Jacobs also overstated his status in the team. He told people that he had come to Cayton with an enormous film library and plenty of his own money, and that they had pooled their resources and, as equal partners, made boxing film history. One of the first people in boxing to see through that fiction was Larry Merchant, a boxing analyst for HBO Sports. In 1980, Jacobs came to Merchant with an idea to do a comprehensive fight documentary series on videotape. It required transferring thousands of images from film and using advanced video technologies to create special effects such as slow motion and stop-action replays. Jacobs envisaged selling the series to television, then renting out videocassettes. Merchant would narrate, for which he’d get a fee plus a share in the gross rentals. “When I mentioned to Bill [Cayton] what the deal was, he was shocked. Jimmy never told him about it,” said Merchant. After that, Jacobs never brought it up again.

Jacobs also claimed to Merchant, among others, that his father owned a chain of department stores in St. Louis. In other variations, his father owned a construction business. When his father died, Jacobs claimed to have inherited millions of dollars. “Jimmy talked about all his money. He told me that his father gave him fifty thousand dollars in 1960 to stake him in the fight film business,” said Merchant.

Cayton was aware of Jacobs’s public posturing and outright lies but never confronted him with it. “I found the stories about his supposed wealth very amusing,” said Cayton. “First he told people he had ten million dollars, and when he got away with that the figure went to twenty million, then thirty million.” In Cayton’s value system, they were in business together and as long as they prospered, he didn’t care about Jacobs’s idiosyncrasies. “Essentially, Jim was my employee. I did all the business deals with the fight films and all the boxers. Jim was the front man, the public image. Every deal was made right here, at my desk.”

In fact, Jacobs did have a higher opinion of himself than did his associates in the boxing world. “I liked Jimmy. I was curious about his insights on boxing. So were a lot of other people. But he wasn’t liked as a businessperson. He had a code in a deal. He gave you his idea of what it was worth and that was it—no other opinion was valid. He didn’t negotiate. He said, this is it, take it or leave it,” Merchant added.

According to Cayton, on more than one occasion he had to temper Jacobs in a contract negotiation. “Early on, he was a bit too blunt,” said Cayton. “I taught him everything he knew.”

Perhaps he did. Jacobs was a quick study and a man, once he learned the basics, determined to do it his way to the end. By claiming such high ground, Cayton tried to disguise a measure of envy. Merchant was aware of that: “The ever-popular Jimmy, the astute manager and boxing expert liked by everybody: that’s how Bill perceived Jimmy, and he [Bill] resented him for it.”

Cayton had an almost mirror-opposite existence to that of Jacobs. Besides not ever being athletic, he suffered from recurring back problems and endocarditis, an inflammation of the heart valves. He was lean, and tall, but frail-looking. His personal manner was stiff, formal, unengaging, dispassionate, almost cold. He tried to offset that with frequent smiling, but to no avail.
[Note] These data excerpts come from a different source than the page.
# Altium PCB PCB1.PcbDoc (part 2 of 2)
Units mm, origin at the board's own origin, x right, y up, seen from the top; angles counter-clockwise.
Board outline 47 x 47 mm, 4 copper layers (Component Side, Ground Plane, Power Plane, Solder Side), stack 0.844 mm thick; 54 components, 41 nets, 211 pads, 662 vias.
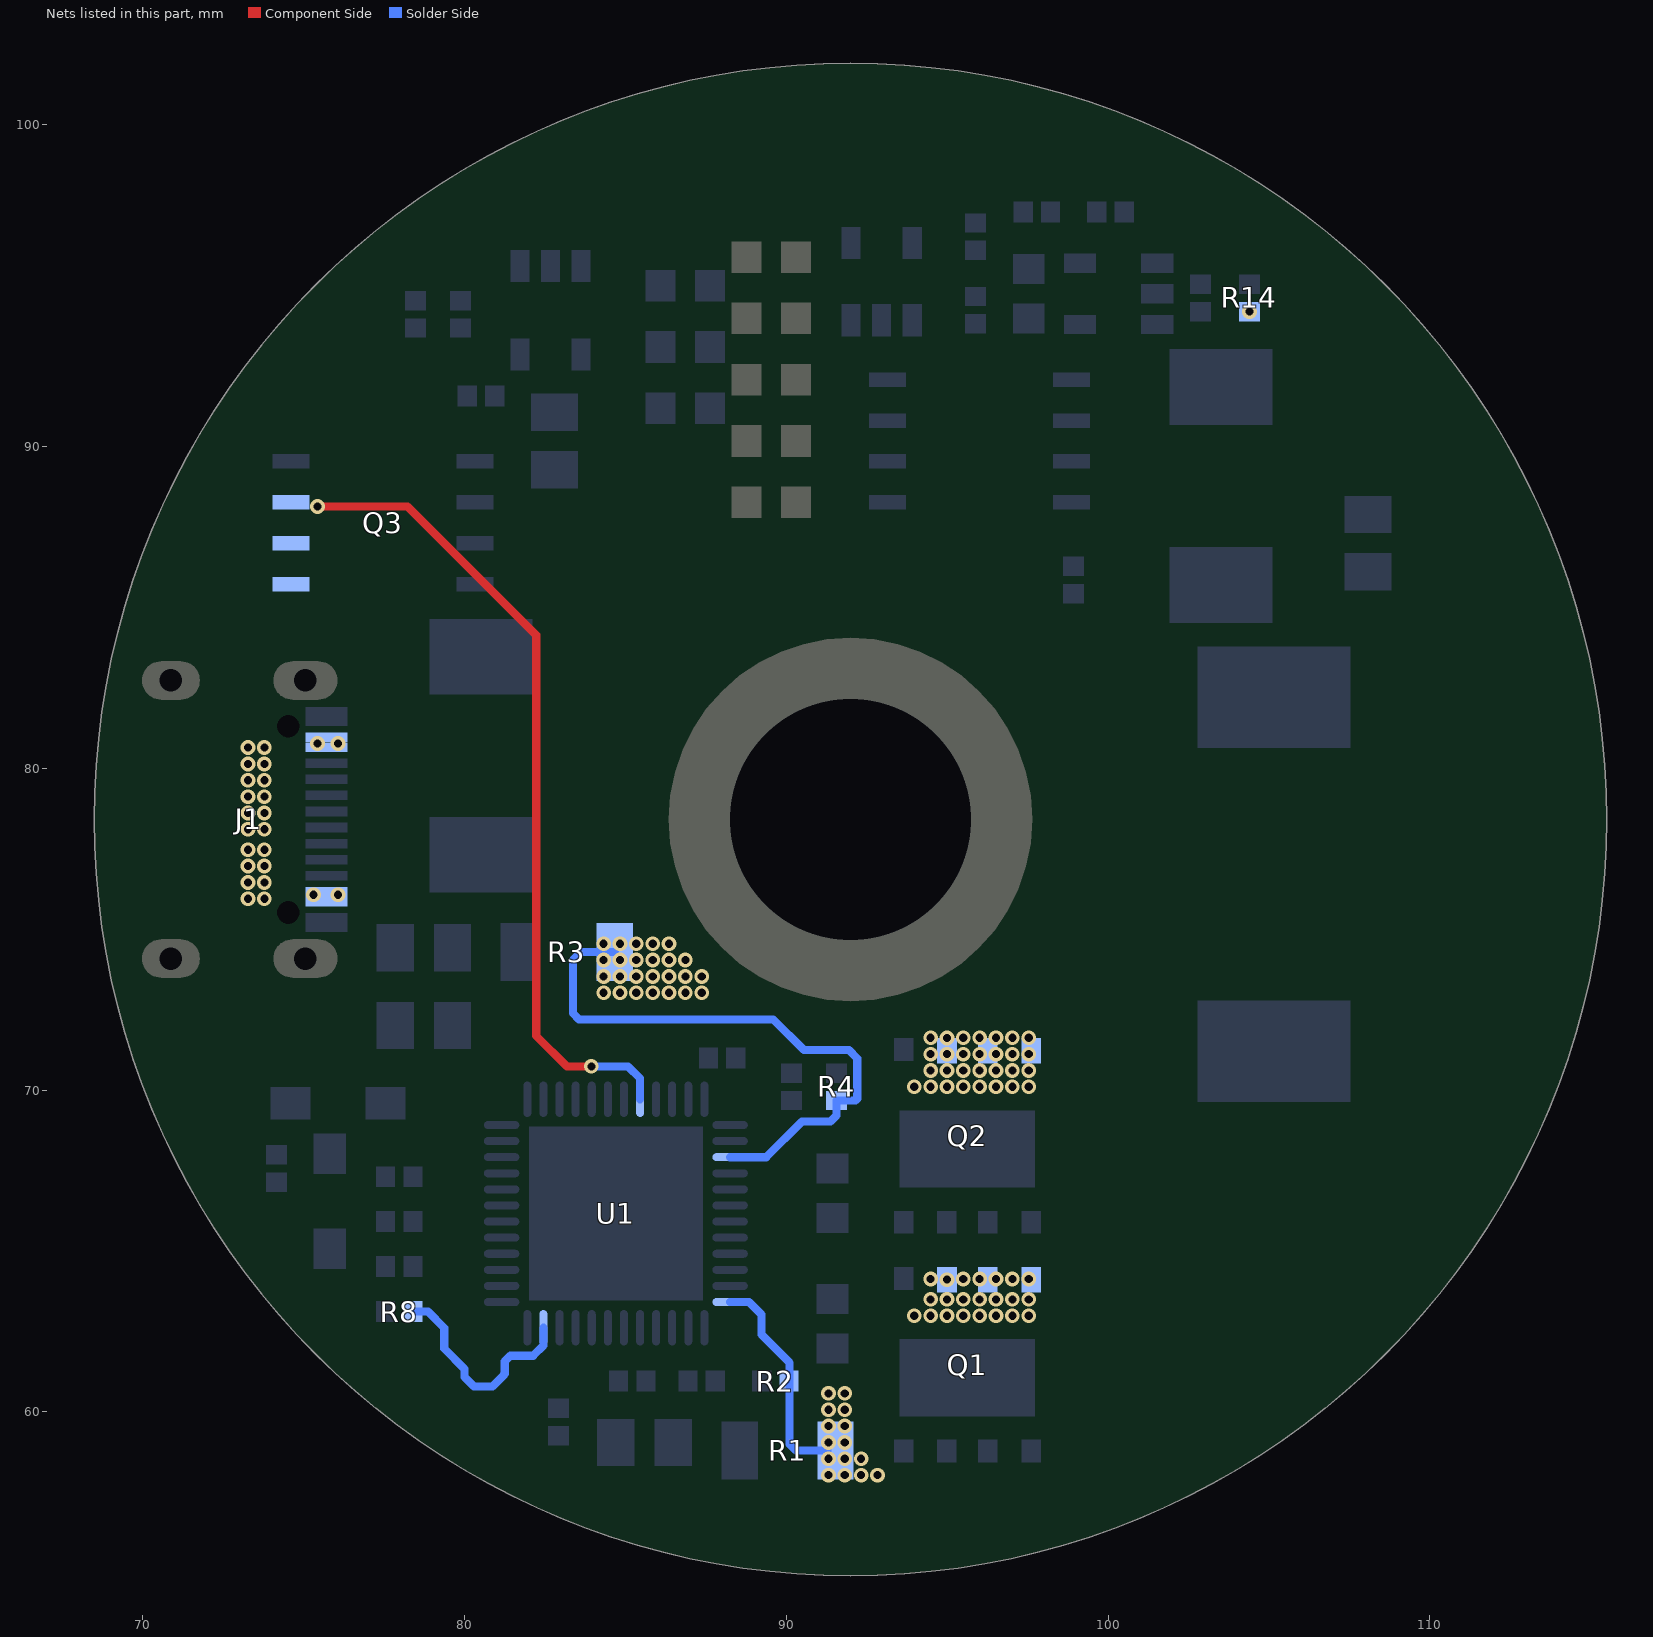
[diagram p4: the nets of this part, all layers, seen from the top]

## Via types
v1: diameter 0.457, hole 0.254, Component Side to Solder Side, tented both sides, 662 vias

## Nets (pads, with @x,y where several pads share a name; then routed paths per layer and width w, separated by ;. In a path a pad name is that pad's centre, name@x,y a point inside that pad or via, vN(x,y) a via of type N, cw(c..) or ccw(c..) an arc to the next point about the centre after c; other vN are vias at no path point) (continued)
VIN: Q2.2 Q2.3 Q2.4 R3.2 R4.2 U1.15 | length 18.9
  Solder Side w0.254: R3.2@84.675,74.295 83.629,74.295 83.376,74.041 83.376,72.39 83.566,72.2 89.599,72.2 90.551,71.247 91.948,71.247 ; U1.15@88.259,67.917 89.38,67.917 90.487,69.025 91.376,69.025 91.567,69.215 R4.2@91.567,69.679 92.158,69.679 92.209,69.73 92.209,70.986 91.948,71.247 ; 92.075,71.12 91.948,71.247
  other v1: 93.98,70.104 94.488,70.104 94.996,70.104 95.504,70.104 96.012,70.104 96.52,70.104 97.028,70.104 97.536,70.104 94.488,70.612 94.996,70.612 95.504,70.612 96.012,70.612 96.52,70.612 97.028,70.612 97.536,70.612 94.488,71.12 94.996,71.12 95.504,71.12 96.012,71.12 96.52,71.12 97.028,71.12 97.536,71.12 94.488,71.628 94.996,71.62 95.504,71.628 96.012,71.628 96.52,71.628 97.028,71.628 97.536,71.628 84.328,73.025 84.836,73.025 85.344,73.025 85.852,73.025 86.36,73.025 86.868,73.025 87.376,73.025 84.328,73.533 84.836,73.533 85.344,73.533 85.852,73.533 86.36,73.533 86.868,73.533 87.376,73.533 84.328,74.041 84.836,74.041 85.344,74.041 85.852,74.041 86.36,74.041 86.868,74.041 84.328,74.549 84.836,74.549 85.344,74.549 85.852,74.549 86.36,74.549
VOUT: Q1.2 Q1.3 Q1.4 R1.1 R2.1 U1.24 | length 6.8
  Solder Side w0.254: U1.24@88.259,63.417 88.844,63.417 89.23,63.031 89.23,62.408 90.106,61.531 90.106,58.998 90.303,58.801 R1.1@91.279,58.801
  other v1: 91.313,58.039 91.821,58.039 92.329,58.039 92.837,58.039 91.313,58.547 91.821,58.547 92.329,58.547 91.313,59.055 91.821,59.055 91.313,59.563 91.821,59.563 91.313,60.071 91.821,60.071 91.313,60.579 91.821,60.579 93.98,62.992 94.488,62.992 94.996,62.992 95.504,62.992 96.012,62.992 96.52,62.992 97.028,62.992 97.536,62.992 94.488,63.5 94.996,63.5 95.504,63.5 96.012,63.5 96.52,63.5 97.028,63.5 97.536,63.5 94.996,64.113 94.488,64.135 95.504,64.135 96.012,64.135 96.52,64.135 97.028,64.135 97.536,64.135
VSET: R8.2 U1.35 | length 6.8
  Solder Side w0.254: R8.2@78.403,63.119 78.867,63.119 79.375,62.611 79.375,61.976 80.01,61.341 80.01,61.087 80.302,60.795 80.871,60.795 81.242,61.166 81.242,61.186 81.255,61.199 81.255,61.57 81.435,61.75 82.142,61.75 82.459,62.066 U1.35@82.459,62.617
VTCBUS: J1.A4 J1.A9 J1.B4 J1.B9 Q3.1 Q3.2 Q3.3 R14.1 U1.8 | length 25.3
  Component Side w0.254: v1(75.438,88.138) 78.232,88.138 82.233,84.138 82.233,71.691 83.185,70.739 v1(83.947,70.739)
  Solder Side w0.254: v1(83.947,70.739) 85.09,70.739 85.459,70.37 U1.8@85.459,69.717
  other v1: 73.279,75.946 73.787,75.946 75.311,76.073 76.073,76.073 73.279,76.454 73.787,76.454 73.279,76.962 73.787,76.962 73.279,77.47 73.787,77.47 73.279,78.105 73.787,78.105 73.279,78.613 73.787,78.613 73.279,79.121 73.787,79.121 73.279,79.629 73.787,79.629 73.279,80.137 73.787,80.137 73.279,80.645 73.787,80.645 75.438,80.772 76.073,80.772 104.394,94.19
pads on no net: J1.0 J1.A8 J1.B8 U1.1 U1.2 U1.3 U1.5 U1.6 U1.7 U1.28 U1.31 U1.44 U1.45 U1.46 U1.47 U1.48 U2.2 U4.1

## Polygon pours and split planes (outlines as drawn)
GND on Solder Side "Component Side-No Net 1" (solid, remove dead copper, pour order 140): 85.217,61.595 79.756,61.595 79.692,61.658 79.502,61.468 79.502,56.007 85.605,56.007 85.913,55.699
VBAT on Solder Side "Component Side-No Net 1" (solid, remove dead copper, pour order 93): 19 vertices, not listed, extent 84.328,70.104 99.949,92.837
GND on Solder Side "Component Side-No Net 1" (solid, remove dead copper, pour order 139): 79.121,95.377 79.121,93.853 77.314,93.853 77.156,93.695 76.617,94.234 76.073,94.234 76.073,97.79 76.2,97.917 76.581,98.298 79.248,98.298
GND on Solder Side "Component Side-No Net 1" (solid, remove dead copper, pour order 135): 83.959,61.837 84.39,61.406 87.097,61.406 87.097,57.937 87.249,57.785 83.058,57.785
GND on Solder Side "Component Side-No Net 1" (solid, remove dead copper, pour order 132): 78.994,63.621 79.623,62.992 83.566,62.992 83.566,59.875 83.253,59.562 82.898,59.207 79.018,59.207
GND on Solder Side "Component Side-No Net 1" (solid, remove dead copper, pour order 109): 81.236,94.919 81.236,91.523 80.645,90.932 80.772,90.805 80.772,89.662 84.709,89.662 84.963,89.408 84.618,89.753 84.618,92.997 84.618,94.447 84.843,94.672
GND on Solder Side "Component Side-No Net 1" (solid, remove dead copper, pour order 105): 100.776,93.238 100.776,90.867 101.6,90.043 102.108,89.535 106.68,89.535 106.68,93.345 107.061,93.726 106.843,93.944 100.776,93.944
GND on Solder Side "Component Side-No Net 1" (solid, remove dead copper, pour order 102): 106.172,92.964 106.045,92.837 106.045,83.693 116.459,83.693 117.094,84.328 117.856,85.09 117.856,93.98
GND on Solder Side "Component Side-No Net 1" (solid, remove dead copper, pour order 100): 67.945,88.011 68.834,87.122 118.999,87.122 118.999,101.346 115.824,104.521 114.173,106.172 67.437,106.172
3V3 on Solder Side "Component Side-No Net 1" (solid, remove dead copper, pour order 95): 96.856,94.857 100.064,94.857 100.076,94.869 99.822,95.123 99.822,96.139 98.044,96.139 98.044,96.52 96.901,96.52
GND on Solder Side "Component Side-No Net 1" (solid, remove dead copper, pour order 94): 96.774,94.869 104.394,94.869 105.156,94.107 105.41,93.853 105.41,90.551 97.155,90.551 96.647,90.043
GND on Solder Side "Component Side-No Net 1" (solid, remove dead copper, pour order 90): 80.712,73.085 84.776,73.085 85.217,72.644 85.725,72.136 85.725,69.342 80.264,69.342 80.01,69.088
VBATTI on Solder Side "Component Side-No Net 1" (solid, remove dead copper, pour order 83): 17 vertices, not listed, extent 87.122,56.261 91.821,58.547
GND on Solder Side "Component Side-No Net 1" (solid, remove dead copper, pour order 79): 72.263,70.485 77.597,70.485 77.851,70.231 78.107,69.975 78.107,62.54 78.107,60.962 77.597,60.452 69.85,60.452 69.85,68.199 68.072,69.977
GND on Solder Side "Component Side-No Net 1" (solid, remove dead copper, pour order 120): 80.233,69.358 75.714,69.063 75.714,75.311 82.677,75.311 82.931,75.565 83.074,75.422 83.074,70.735 83.074,69.358 83.058,69.342
VBUSI on Solder Side "Component Side-No Net 1" (solid, remove dead copper, pour order 118): 20 vertices, not listed, extent 74.93,71.247 86.233,90.875
VIN on Solder Side "Component Side-No Net 1" (solid, remove dead copper, pour order 115): 84.074,74.666 84.074,75.184 85.979,75.184 86.116,75.321 86.233,75.204 86.233,74.168 86.233,72.644 84.582,72.644
BST1 on Solder Side "Component Side-No Net 1" (solid, remove dead copper, pour order 112): 90.932,68.58 90.932,67.056 92.075,67.056 92.075,68.58
VIN on Solder Side "Component Side-No Net 1" (solid, remove dead copper, pour order 111): 84.074,74.803 84.074,72.771 84.201,72.644 84.455,72.644 85.852,72.644 87.757,72.644 87.757,73.025 87.757,73.533 87.503,73.787 86.614,73.787
GND on Solder Side "Component Side-No Net 1" (solid, remove dead copper, pour order 99): 106.299,91.567 118.491,91.567 119.507,90.551 119.761,90.297 119.761,52.451 96.52,52.451 95.631,53.34 96.012,53.721 96.012,59.817 96.012,90.043 97.282,91.313
VBATTI on Solder Side "Component Side-No Net 1" (solid, remove dead copper, pour order 97): 107.89,78.232 107.89,78.165 107.95,78.105 111.379,78.105 111.467,78.105 111.633,78.271 111.633,81.28 108.077,81.28 107.95,81.153
GND on Solder Side "Component Side-No Net 1" (solid, remove dead copper, pour order 96): 93.533,67.208 93.533,63.439 93.98,62.992 94.742,62.23 102.743,62.23 102.743,67.945 103.505,68.707 102.997,68.199 93.218,68.199
VBATTI on Solder Side "Component Side-No Net 1" (solid, remove dead copper, pour order 91): 28 vertices, not listed, extent 97.917,78.105 111.633,92.837
SW1 on Solder Side "Component Side-No Net 1" (solid, remove dead copper, pour order 88): 20 vertices, not listed, extent 93.345,66.548 107.696,83.947
SW2 on Solder Side "Component Side-No Net 1" (solid, remove dead copper, pour order 86): 17 vertices, not listed, extent 93.345,59.61 107.569,72.771
GND on Solder Side "Component Side-No Net 1" (solid, remove dead copper, pour order 136): 70.104,71.628 80.237,71.628 80.464,71.401 80.899,70.966 80.899,60.833 83.043,60.833 83.507,60.369 84.201,59.675 84.201,57.023 67.691,57.023 67.564,56.896
BST2 on Solder Side "Component Side-No Net 1" (solid, remove dead copper, pour order 134): 75.184,68.707 75.184,67.056 75.311,66.929 76.327,66.929 76.327,68.707
BST1 on Solder Side "Component Side-No Net 1" (solid, remove dead copper, pour order 133): 75.819,69.977 75.946,70.104 78.232,70.104 78.232,69.088 76.962,69.088 76.835,69.088 76.708,68.961 75.819,68.961
GND on Solder Side "Component Side-No Net 1" (solid, remove dead copper, pour order 131): 79.756,72.898 80.772,73.914 84.12,73.914 84.12,73.696 88.576,69.241 88.259,68.923 88.259,68.917 83.659,68.917 81.159,66.417 81.022,66.554 79.629,66.554 79.629,70.231 77.978,71.882
VOUT on Solder Side "Component Side-No Net 1" (solid, remove dead copper, pour order 130): 93.531,63.408 94.111,63.408 94.111,64.766 94.107,64.77 97.917,64.77 97.917,62.459 97.868,62.411 97.434,61.976 93.345,61.976 93.345,63.373
GND on Solder Side "Component Side-No Net 1" (solid, remove dead copper, pour order 125): 18 vertices, not listed, extent 67.564,56.261 84.074,65.659
GND on Solder Side "Component Side-No Net 1" (solid, remove dead copper, pour order 122): 21 vertices, not listed, extent 60.579,70.739 82.169,89.281
VTCBUS on Solder Side "Component Side-No Net 1" (solid, remove dead copper, pour order 119): 35 vertices, not listed, extent 71.755,75.692 76.454,88.646
VIN on Solder Side "Component Side-No Net 1" (solid, remove dead copper, pour order 117): 84.074,74.803 86.487,74.803 87.757,73.533 87.757,72.771 85.471,72.771 85.217,73.025 84.201,73.025 84.074,73.025
VIN on Solder Side "Component Side-No Net 1" (solid, remove dead copper, pour order 114): 93.531,69.66 93.531,70.52 94.111,70.52 94.111,72.136 98.044,72.136 98.044,68.961 93.726,68.961 93.599,68.834
GND on Solder Side "Component Side-No Net 1" (solid, remove dead copper, pour order 106): 83.693,59.817 86.36,59.817 88.138,59.817 88.138,55.88 88.265,55.753 88.171,55.659 88.171,55.224 83.079,55.224 83.693,56.134
VBATTI on Solder Side "Component Side-No Net 1" (solid, remove dead copper, pour order 103): 87.63,59.817 85.598,59.817 85.598,58.293 87.376,58.293 87.63,58.039 88.519,58.039 88.519,59.055 88.519,59.817
VBATTI on Solder Side "Component Side-No Net 1" (solid, remove dead copper, pour order 89): 88.9,58.166 90.424,58.166 90.551,58.166 90.678,58.039 90.805,56.896 88.265,57.277
GND on Solder Side "Component Side-No Net 1" (solid, remove dead copper, pour order 81): 93.599,59.817 93.345,59.563 93.345,57.023 89.027,57.023 88.011,58.039 87.63,57.658 87.63,56.515 87.63,54.864 88.138,54.356 89.408,53.086 96.266,53.086 96.266,54.991 98.552,57.277 98.298,57.531 98.298,60.96
VBATTI on Solder Side "Component Side-No Net 1" (solid, remove dead copper, pour order 80): 88.9,59.817 88.9,57.912 89.027,57.785 91.44,57.785 93.345,57.785 93.345,56.642 90.043,56.642 89.662,57.023 89.027,57.023 88.138,57.023 87.884,57.023 87.63,57.277 87.63,59.817
VOUT on Solder Side "Component Side-No Net 1" (solid, remove dead copper, pour order 78): 90.678,60.833 90.678,58.039 90.678,57.912 90.805,57.785 93.345,57.785 93.345,58.293 93.091,58.293 92.583,58.801 92.202,59.182 92.202,60.452 92.202,60.706 92.075,60.833
VBATTI on Solder Side "Component Side-No Net 1" (solid, remove dead copper, pour order 147): 89.229,58.43 89.154,58.505 89.154,59.436 89.154,59.817 88.519,59.817 87.63,59.817 87.757,59.69 87.757,57.531 89.154,57.531 89.281,57.404
VBATTI on Solder Side "Component Side-No Net 1" (solid, remove dead copper, pour order 149): 87.796,59.817 89.281,59.817 89.281,58.378 89.366,58.293 89.535,58.124 89.535,57.404 89.535,57.15 89.408,57.023 89.154,56.769 87.863,56.769 87.493,57.14
GND on Solder Side "Component Side-No Net 1" (solid, remove dead copper, pour order 151): 100.203,66.294 100.33,66.421 103.886,66.421 103.886,62.865 103.505,62.484 103.432,62.411 97.868,62.411 97.868,66.052 98.17,66.354
SW1 on Solder Side "Component Side-No Net 1" (solid, remove dead copper, pour order 153): 17 vertices, not listed, extent 93.435,66.548 104.267,83.947
GND on Solder Side "Component Side-No Net 1" (solid, remove dead copper, pour order 155): 87.497,71.38 87.497,69.717 87.497,68.955 88.792,68.917 89.96,68.917 90.043,68.834 91.567,70.358 91.567,71.628 91.567,73.025 91.44,73.152 91.313,73.279 86.106,73.279
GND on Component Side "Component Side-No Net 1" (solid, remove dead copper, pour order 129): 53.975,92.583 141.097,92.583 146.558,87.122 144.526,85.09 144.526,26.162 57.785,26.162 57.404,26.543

The smile looked forced and far too self-consciously affected. It had a Cheshire cat aspect, as if Cayton were pleased with himself in advance with whatever was about to transpire—probably at the listener’s expense. “Bill was a taker, not a giver,” said Camille Ewald. He avoided social outings, except when it concerned business. Not a single person in boxing claimed him as a friend. “Money and business. He’s all business,” added Ewald.